Do you know the truth about email scraping and list-building services? They are nothing but a SPAM game. Purchased email lists can ruin your organization’s online reputation as they instantly inform mailbox providers that you’re sending unsolicited spam emails. You don’t want to be branded as a SPAMMER, right? If you're going to buy a list, plan to reach out to the contacts with one-off emails, 1:1 campaigns, or via social media to determine the viability of the contact.

Partner With a Reliable and Reputable ESP

Email service providers (ESPs) are marked as genuine senders based on the authenticity and reputation of the domains of their clients and their IP addresses.

ESPs with low sender IP address scores typically land in the spam folders of email providers, such as Gmail and Yahoo! Mail.
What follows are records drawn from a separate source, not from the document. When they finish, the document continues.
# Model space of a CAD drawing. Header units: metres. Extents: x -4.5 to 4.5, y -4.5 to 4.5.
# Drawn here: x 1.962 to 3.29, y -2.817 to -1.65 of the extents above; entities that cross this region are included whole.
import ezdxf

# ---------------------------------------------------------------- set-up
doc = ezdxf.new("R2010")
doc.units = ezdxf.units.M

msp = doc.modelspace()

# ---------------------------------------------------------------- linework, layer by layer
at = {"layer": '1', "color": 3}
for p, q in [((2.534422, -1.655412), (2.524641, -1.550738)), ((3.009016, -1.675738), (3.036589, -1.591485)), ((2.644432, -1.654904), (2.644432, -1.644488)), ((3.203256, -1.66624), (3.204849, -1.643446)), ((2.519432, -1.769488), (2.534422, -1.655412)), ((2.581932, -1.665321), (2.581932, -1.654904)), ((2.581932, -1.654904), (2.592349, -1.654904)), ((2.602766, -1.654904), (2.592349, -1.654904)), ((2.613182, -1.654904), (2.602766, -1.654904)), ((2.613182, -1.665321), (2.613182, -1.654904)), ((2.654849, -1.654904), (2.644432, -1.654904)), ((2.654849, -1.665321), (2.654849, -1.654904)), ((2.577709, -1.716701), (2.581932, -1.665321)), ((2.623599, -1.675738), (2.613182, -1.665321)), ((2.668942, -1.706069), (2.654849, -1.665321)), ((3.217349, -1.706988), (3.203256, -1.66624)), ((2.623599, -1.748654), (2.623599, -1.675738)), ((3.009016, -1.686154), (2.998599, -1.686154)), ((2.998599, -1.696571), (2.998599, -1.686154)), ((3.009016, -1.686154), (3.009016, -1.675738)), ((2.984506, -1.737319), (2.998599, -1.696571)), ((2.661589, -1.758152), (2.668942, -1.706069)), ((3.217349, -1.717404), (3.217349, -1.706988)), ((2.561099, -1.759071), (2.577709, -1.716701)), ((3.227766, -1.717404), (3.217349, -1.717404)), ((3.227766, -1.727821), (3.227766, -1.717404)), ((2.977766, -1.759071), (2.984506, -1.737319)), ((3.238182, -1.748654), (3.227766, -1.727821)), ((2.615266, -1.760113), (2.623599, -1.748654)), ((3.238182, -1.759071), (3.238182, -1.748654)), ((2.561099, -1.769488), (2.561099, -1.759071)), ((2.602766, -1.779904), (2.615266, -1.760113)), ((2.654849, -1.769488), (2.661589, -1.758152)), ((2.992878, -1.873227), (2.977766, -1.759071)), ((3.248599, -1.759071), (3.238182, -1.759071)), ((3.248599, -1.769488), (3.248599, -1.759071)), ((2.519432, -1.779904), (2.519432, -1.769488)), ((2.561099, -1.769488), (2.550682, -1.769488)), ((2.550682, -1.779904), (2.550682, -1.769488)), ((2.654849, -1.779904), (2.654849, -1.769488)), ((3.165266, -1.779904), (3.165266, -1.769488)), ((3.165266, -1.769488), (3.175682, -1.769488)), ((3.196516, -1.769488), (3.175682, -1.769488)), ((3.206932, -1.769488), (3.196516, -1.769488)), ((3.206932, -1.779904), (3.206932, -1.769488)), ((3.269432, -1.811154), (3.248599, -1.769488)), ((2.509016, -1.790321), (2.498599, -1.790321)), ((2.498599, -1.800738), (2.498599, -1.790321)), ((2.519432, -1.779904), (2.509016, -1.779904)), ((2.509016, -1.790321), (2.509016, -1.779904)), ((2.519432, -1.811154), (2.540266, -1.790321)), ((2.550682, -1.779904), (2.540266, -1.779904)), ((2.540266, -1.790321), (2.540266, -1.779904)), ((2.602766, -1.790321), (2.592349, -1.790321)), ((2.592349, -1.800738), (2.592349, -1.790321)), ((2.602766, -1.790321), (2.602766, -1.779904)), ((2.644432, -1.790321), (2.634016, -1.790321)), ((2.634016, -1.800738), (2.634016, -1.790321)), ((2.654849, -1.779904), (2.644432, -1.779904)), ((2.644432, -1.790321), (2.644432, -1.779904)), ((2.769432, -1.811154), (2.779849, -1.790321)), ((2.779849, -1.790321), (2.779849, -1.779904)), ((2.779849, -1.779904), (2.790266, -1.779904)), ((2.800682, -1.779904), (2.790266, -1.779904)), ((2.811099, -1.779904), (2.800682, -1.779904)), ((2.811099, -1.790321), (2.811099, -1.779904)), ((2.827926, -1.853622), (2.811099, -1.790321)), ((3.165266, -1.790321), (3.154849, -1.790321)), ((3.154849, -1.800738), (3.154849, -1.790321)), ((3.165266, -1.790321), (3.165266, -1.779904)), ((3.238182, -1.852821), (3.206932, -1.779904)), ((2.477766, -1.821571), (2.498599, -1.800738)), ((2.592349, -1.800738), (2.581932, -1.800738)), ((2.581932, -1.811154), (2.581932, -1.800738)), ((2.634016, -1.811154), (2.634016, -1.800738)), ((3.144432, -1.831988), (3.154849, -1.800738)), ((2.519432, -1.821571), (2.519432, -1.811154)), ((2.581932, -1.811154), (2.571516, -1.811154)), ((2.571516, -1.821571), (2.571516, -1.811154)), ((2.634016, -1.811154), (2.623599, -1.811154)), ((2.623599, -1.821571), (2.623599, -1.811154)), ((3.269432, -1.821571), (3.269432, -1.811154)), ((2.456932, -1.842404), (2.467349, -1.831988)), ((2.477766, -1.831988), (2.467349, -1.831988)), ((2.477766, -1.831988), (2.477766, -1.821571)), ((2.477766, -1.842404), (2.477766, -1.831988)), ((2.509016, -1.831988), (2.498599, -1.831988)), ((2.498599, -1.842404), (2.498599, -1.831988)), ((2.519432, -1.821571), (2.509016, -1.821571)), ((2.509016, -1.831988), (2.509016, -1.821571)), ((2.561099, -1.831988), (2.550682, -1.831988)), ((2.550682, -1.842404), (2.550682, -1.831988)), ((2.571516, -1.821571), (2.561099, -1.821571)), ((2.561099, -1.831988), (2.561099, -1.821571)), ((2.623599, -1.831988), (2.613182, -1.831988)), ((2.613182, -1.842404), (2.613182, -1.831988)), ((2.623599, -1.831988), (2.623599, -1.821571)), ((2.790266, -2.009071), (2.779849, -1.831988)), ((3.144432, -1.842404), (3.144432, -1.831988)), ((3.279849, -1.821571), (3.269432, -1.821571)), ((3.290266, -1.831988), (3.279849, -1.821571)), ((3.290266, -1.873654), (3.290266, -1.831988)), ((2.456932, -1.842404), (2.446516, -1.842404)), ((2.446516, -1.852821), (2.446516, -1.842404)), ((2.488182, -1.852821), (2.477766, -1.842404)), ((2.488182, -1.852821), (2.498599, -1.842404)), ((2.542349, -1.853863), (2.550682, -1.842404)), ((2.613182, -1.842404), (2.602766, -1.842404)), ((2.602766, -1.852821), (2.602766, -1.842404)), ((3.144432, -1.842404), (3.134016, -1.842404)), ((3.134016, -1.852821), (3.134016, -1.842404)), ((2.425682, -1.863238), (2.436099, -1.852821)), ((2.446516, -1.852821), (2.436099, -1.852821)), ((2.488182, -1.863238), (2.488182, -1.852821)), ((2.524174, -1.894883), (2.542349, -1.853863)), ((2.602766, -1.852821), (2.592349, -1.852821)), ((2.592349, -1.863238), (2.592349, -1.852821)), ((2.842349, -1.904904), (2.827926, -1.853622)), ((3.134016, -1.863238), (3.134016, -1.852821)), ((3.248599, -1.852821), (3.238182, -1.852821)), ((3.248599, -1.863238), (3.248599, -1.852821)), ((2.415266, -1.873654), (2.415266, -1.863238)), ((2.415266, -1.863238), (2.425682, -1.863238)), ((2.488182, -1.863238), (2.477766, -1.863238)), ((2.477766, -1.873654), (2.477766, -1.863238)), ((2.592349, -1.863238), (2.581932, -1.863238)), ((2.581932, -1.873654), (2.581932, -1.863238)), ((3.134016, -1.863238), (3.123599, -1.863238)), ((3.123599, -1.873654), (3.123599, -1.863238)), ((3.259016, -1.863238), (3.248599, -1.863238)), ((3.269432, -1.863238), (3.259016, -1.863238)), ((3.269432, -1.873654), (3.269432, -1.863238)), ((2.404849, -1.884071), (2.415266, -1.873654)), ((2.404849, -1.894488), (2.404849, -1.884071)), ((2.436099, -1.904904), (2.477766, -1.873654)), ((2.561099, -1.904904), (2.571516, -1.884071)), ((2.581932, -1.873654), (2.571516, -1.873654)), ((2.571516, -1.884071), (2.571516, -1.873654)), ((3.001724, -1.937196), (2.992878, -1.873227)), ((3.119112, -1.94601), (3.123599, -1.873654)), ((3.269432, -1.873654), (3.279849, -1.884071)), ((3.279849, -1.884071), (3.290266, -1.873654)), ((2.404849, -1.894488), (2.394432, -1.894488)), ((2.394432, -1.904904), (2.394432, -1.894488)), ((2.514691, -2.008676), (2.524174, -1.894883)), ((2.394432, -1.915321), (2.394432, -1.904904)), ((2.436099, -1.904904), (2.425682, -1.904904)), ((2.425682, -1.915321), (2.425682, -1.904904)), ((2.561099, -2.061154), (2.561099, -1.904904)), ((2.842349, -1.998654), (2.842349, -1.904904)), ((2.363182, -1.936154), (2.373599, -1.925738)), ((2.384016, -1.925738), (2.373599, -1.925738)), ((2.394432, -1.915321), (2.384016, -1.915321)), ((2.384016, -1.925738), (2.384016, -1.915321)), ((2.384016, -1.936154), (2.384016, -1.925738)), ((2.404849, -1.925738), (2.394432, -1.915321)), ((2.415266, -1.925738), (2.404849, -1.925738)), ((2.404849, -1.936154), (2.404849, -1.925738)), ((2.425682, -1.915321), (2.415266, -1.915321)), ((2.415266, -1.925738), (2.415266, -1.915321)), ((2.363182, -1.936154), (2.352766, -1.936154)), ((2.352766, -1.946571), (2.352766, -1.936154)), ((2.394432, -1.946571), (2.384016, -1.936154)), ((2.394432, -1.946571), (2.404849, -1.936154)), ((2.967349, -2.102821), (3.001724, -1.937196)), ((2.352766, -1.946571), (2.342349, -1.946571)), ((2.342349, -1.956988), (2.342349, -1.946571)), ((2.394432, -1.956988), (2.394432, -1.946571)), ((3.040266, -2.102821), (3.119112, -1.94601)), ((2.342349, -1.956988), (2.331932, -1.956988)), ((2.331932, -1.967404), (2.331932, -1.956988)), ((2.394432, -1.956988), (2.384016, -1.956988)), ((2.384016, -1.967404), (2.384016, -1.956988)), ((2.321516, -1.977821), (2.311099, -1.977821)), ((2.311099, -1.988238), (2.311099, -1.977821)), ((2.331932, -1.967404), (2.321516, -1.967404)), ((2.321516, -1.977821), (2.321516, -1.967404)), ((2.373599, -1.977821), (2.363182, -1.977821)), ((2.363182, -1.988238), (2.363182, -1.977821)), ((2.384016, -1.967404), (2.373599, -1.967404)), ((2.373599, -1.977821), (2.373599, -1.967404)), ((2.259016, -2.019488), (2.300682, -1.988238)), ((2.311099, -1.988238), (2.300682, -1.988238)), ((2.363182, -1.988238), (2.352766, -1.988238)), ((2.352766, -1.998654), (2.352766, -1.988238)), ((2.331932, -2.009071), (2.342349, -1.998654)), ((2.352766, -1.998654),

Avoid These Emailing Practices

To prevent permanent damage to your online reputation, avoid these emailing practices:

  • Misleading subject lines starting with Re: or Fwd: to showcase ongoing communication.
  • Text in images to trick spam filters.
  • Misleading claims such as subject lines mentioning that you have won a lottery and the details can be found inside the email.
  • Hashbusting, which involves including special characters in the subject lines to trick spam filters.

These are a lot of factors to keep track of as you design an email campaign. When all is said and done, how can you ensure that you haven’t violated any of these guidelines? It helps to use A/B testing to see which subject lines and email content is more successful. However, the easiest way to ensure that your email marketing campaigns will be successful is to enlist the assistance of a marketing firm with experience in creating successful email campaigns. In addition to generating results, you won’t have to peruse long lists of email spam words (they already know the words to avoid) and you’ll be free to focus on running your business.